You can get enough protein by including plenty of low-fat dairy products and protein-rich plant sources, like soy, in your diet. The following protein sources may work for vegetarians:
Milk, 8 oz, 8 grams
Tofu, 3 oz, 15 grams
Yogurt, 8 oz, 8 grams
Cheese, 3 oz, 21 grams
Peanut butter, 2 tbsp, 8 grams
How to Get Adequate Iron in Your Diet
Heme iron is a type of easily absorbed iron that is found in animal protein. If you eat fish or chicken, you will get this type of iron, but if you eat no meat, you will need to find other sources of iron. Our bodies don’t absorb non-heme iron –- the kind found in vegetables -– as easily as the iron that comes from animal foods. Non-meat eaters, especially female athletes, must pay attention to their dietary iron needs. Good sources of non-heme include wholegrain cereals, leafy green vegetables, figs, lentils and kidney beans, and some dried fruits.
How to Get Adequate Vitamin C in Your Diet
Vitamin C in fruits, vegetables, and other foods help vegetarians absorb non-heme iron from other foods, so it’s a good idea to eat a combination of foods at each meal.

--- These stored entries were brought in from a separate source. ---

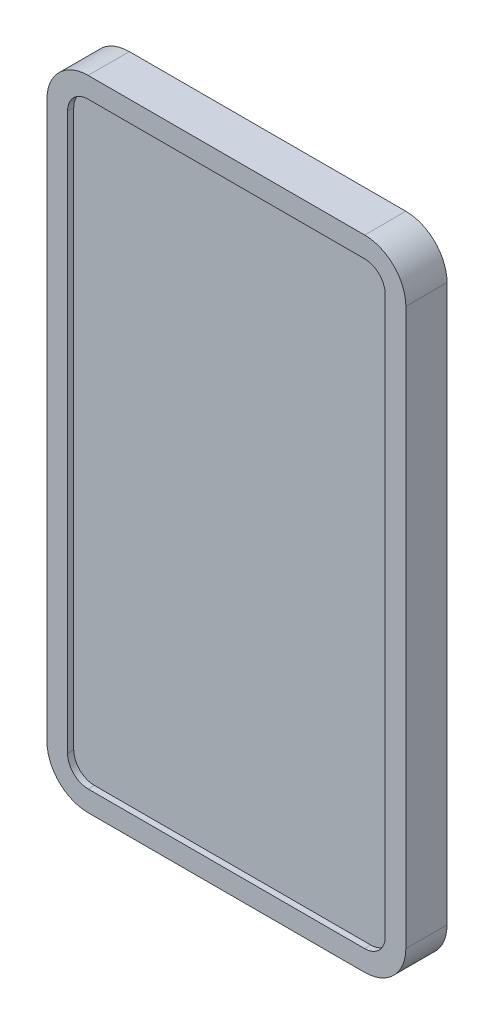
SolidWorks part; units mm, degrees
ref_plane "Plan de face" through (0, 0, 0) normal (0, 0, 1) x (1, 0, 0)
ref_plane "Plan de dessus" through (0, 0, 0) normal (0, 1, 0) x (1, 0, 0)
ref_plane "Plan de droite" through (0, 0, 0) normal (1, 0, 0) x (0, 0, -1)
sketch "Esquisse1" plane through (0, 0, 0) normal (0, 0, 1) x (1, 0, 0)
  line L1 (-67.1082, -155) -> (67.1082, -155)
  line L2 (-87.1082, -135) -> (-87.1082, 135)
  line L3 (-67.1082, 155) -> (67.1082, 155)
  line L4 (87.1082, -135) -> (87.1082, 135)
  line L5 (-87.1082, -155) -> (87.1082, 155) construction
  line L6 (-87.1082, 155) -> (87.1082, -155) construction
  arc A0 (87.1082, -153) -> (85.1082, -155) centre (85.1082, -153) cw
  arc A1 (-85.1082, -155) -> (-87.1082, -153) centre (-85.1082, -153) cw
  arc A2 (-87.1082, 153) -> (-85.1082, 155) centre (-85.1082, 153) cw
  arc A3 (87.1082, 153) -> (85.1082, 155) centre (85.1082, 153) ccw
  arc A4 (-87.1082, -135) -> (-67.1082, -155) centre (-67.1082, -135) ccw
  arc A5 (67.1082, -155) -> (87.1082, -135) centre (67.1082, -135) ccw
  arc A6 (87.1082, 135) -> (67.1082, 155) centre (67.1082, 135) ccw
  arc A7 (-67.1082, 155) -> (-87.1082, 135) centre (-67.1082, 135) ccw
  point P0 (0, 0)
  dimension "D3" = 2
  dimension "D4" = 20
  dimension "D1" = 355.6
  dimension "D2" = 310
extrude "Boss.-Extru.1" add sketch "Esquisse1" along normal blind 20 contours L3 A7 L2 A4 L1 A5 L4 A6
sketch "Esquisse2" plane through (0, 0, 20) normal (0, 0, 1) x (1, 0, 0)
  line L8 (67.1082, 145) -> (-67.1082, 145)
  line L9 (-77.1082, 135) -> (-77.1082, -135)
  line L10 (-67.1082, -145) -> (67.1082, -145)
  line L11 (77.1082, -135) -> (77.1082, 135)
  line L12 (67.1082, 145) -> (-67.1082, 145)
  line L13 (-77.1082, 135) -> (-77.1082, -135)
  line L14 (-67.1082, -145) -> (67.1082, -145)
  line L15 (77.1082, -135) -> (77.1082, 135)
  arc A8 (-67.1082, 145) -> (-77.1082, 135) centre (-67.1082, 135) ccw
  arc A9 (-77.1082, -135) -> (-67.1082, -145) centre (-67.1082, -135) ccw
  arc A10 (67.1082, -145) -> (77.1082, -135) centre (67.1082, -135) ccw
  arc A11 (77.1082, 135) -> (67.1082, 145) centre (67.1082, 135) ccw
  arc A12 (-67.1082, 145) -> (-77.1082, 135) centre (-67.1082, 135) ccw
  arc A13 (-77.1082, -135) -> (-67.1082, -145) centre (-67.1082, -135) ccw
  arc A14 (67.1082, -145) -> (77.1082, -135) centre (67.1082, -135) ccw
  arc A15 (77.1082, 135) -> (67.1082, 145) centre (67.1082, 135) ccw
  dimension "D1" = 10
extrude "Enlèv. mat.-Extru.1" cut sketch "Esquisse2" against normal blind 3
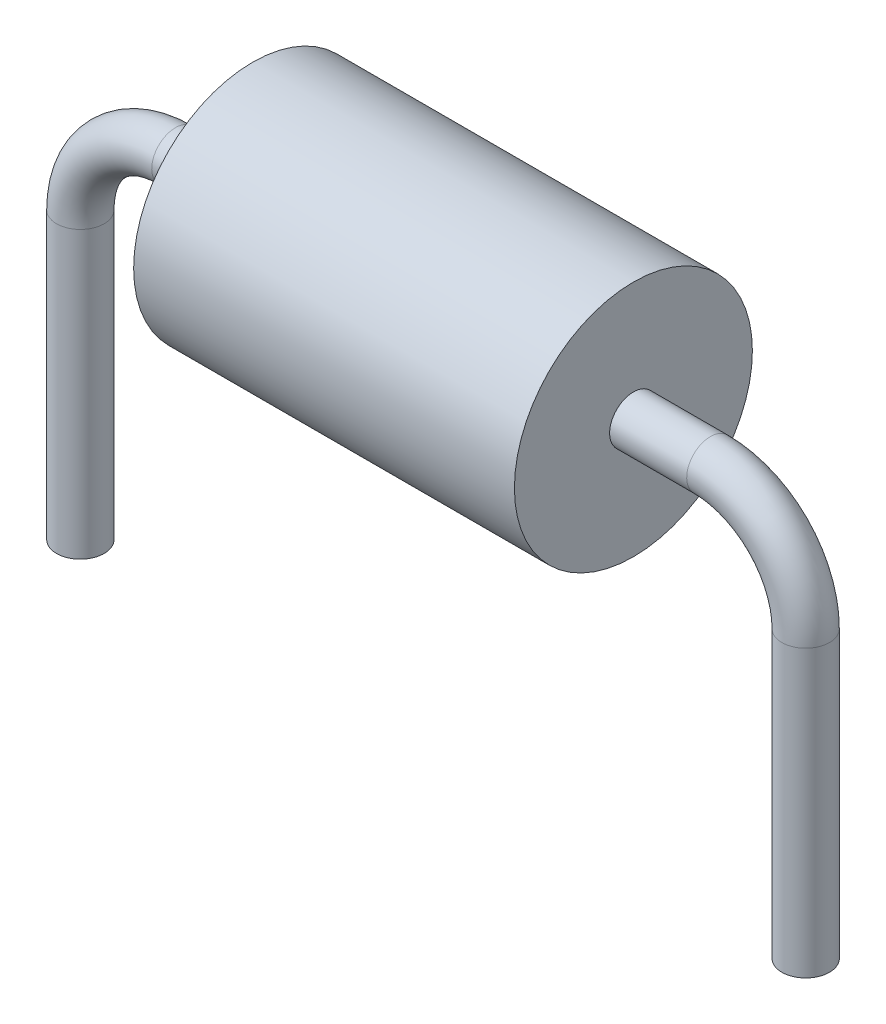
SolidWorks part; units mm, degrees
ref_plane "Front Plane" through (0, 0, 0) normal (0, 0, 1) x (1, 0, 0)
ref_plane "Top Plane" through (0, 0, 0) normal (0, 1, 0) x (1, 0, 0)
ref_plane "Right Plane" through (0, 0, 0) normal (1, 0, 0) x (0, 0, -1)
sketch "Sketch1" plane through (0, 0, 0) normal (0, 0, 1) x (1, 0, 0)
  line L0 (0, 0) -> (2.81, 0)
  line L1 (3.81, -1) -> (3.81, -4)
  line L2 (2.81, -1) -> (2.81, 0) construction
  line L3 (2.81, -1) -> (3.81, -1) construction
  arc A0 (2.81, 0) -> (3.81, -1) centre (2.81, -1) cw
  dimension "D2" = 1
  dimension "D1" = 3.81
  dimension "D3" = 4
sketch "Sketch2" plane through (0, 0, 0) normal (0, 0, 1) x (1, 0, 0)
  line L1 (0, 0) -> (2, 0)
  line L2 (0, 0) -> (0, -1.25)
  line L3 (0, -1.25) -> (2, -1.25)
  line L4 (2, 0) -> (2, -1.25)
  dimension "D1" = 2
  dimension "D2" = 1.25
revolve "Revolve1" add sketch "Sketch2" angle 360 about L0
sketch "Sketch3" plane through (2, 0, 0) normal (1, 0, 0) x (0, 0, -1)
  circle A0 centre (0, 0) radius 0.25
  dimension "D1" = 0.5
sweep "Sweep1" add profiles "Sketch3" path "Sketch1"
mirror "Mirror1" about plane through (0, 0, 0) normal (-1, 0, 0) of "Sweep1", "Revolve1"

Consider eating citrus fruits with an iron-fortified wholegrain cereal or have a citrus fruit juice with beans.
How to Get Adequate B12
Because vitamin B12 is available only from animal products, it is one of the most common nutrients missing from the diets of vegetarian athletes. To get enough B12 (you require only a small amount-2.4 micrograms-per day) try to eat B12-fortified foods like soymilk, and cereal. You can also get enough B12 if you consume eggs, cheese, milk or yogurt.
Avoid Foods That Interfere with Iron Absorption
Some foods contain substances that block the absorption of iron in the intestine. Coffee, whole grains, bran, legumes, and spinach all interfere with iron absorption and should be combined with vitamin C to increase iron absorption.
Food for thought :). I hope you find this information helpful. I have been researching this topic for some time, but Erica at Fashion Meets Food raised some great questions about going meatless and its effect on strength and stamina so I thought this would be a timely post.
Before I sign off for the day I promised a review of my attempt at making Old Spaghetti Factory Mizithra Pasta. Are you ready? It was fab, fab, fabulous and just what I needed for a change of pace and a quick meal on a hot day.
Here is the finished product:
Yummy! About browning the butter, I was actually afraid to try this (I am not great about trying new things), I followed the instructions closely. I heated the butter over medium heat, stirring frequently. I watched for those brown specks, but I didn’t see any so I finally removed the pan from the heat once the butter was a nutty brown color. Only after I removed it, and the foam on the top was pretty much gone, did I see the residue at the bottom of the pan :). We just skimmed about 4 Tbsp. of the butter over the pasta and then I added cheese to taste. We had the mizithra pasta with a lovely green salad made by Jimmy and a glass of red wine. And you know what? I feel great after eating – that’s just nice.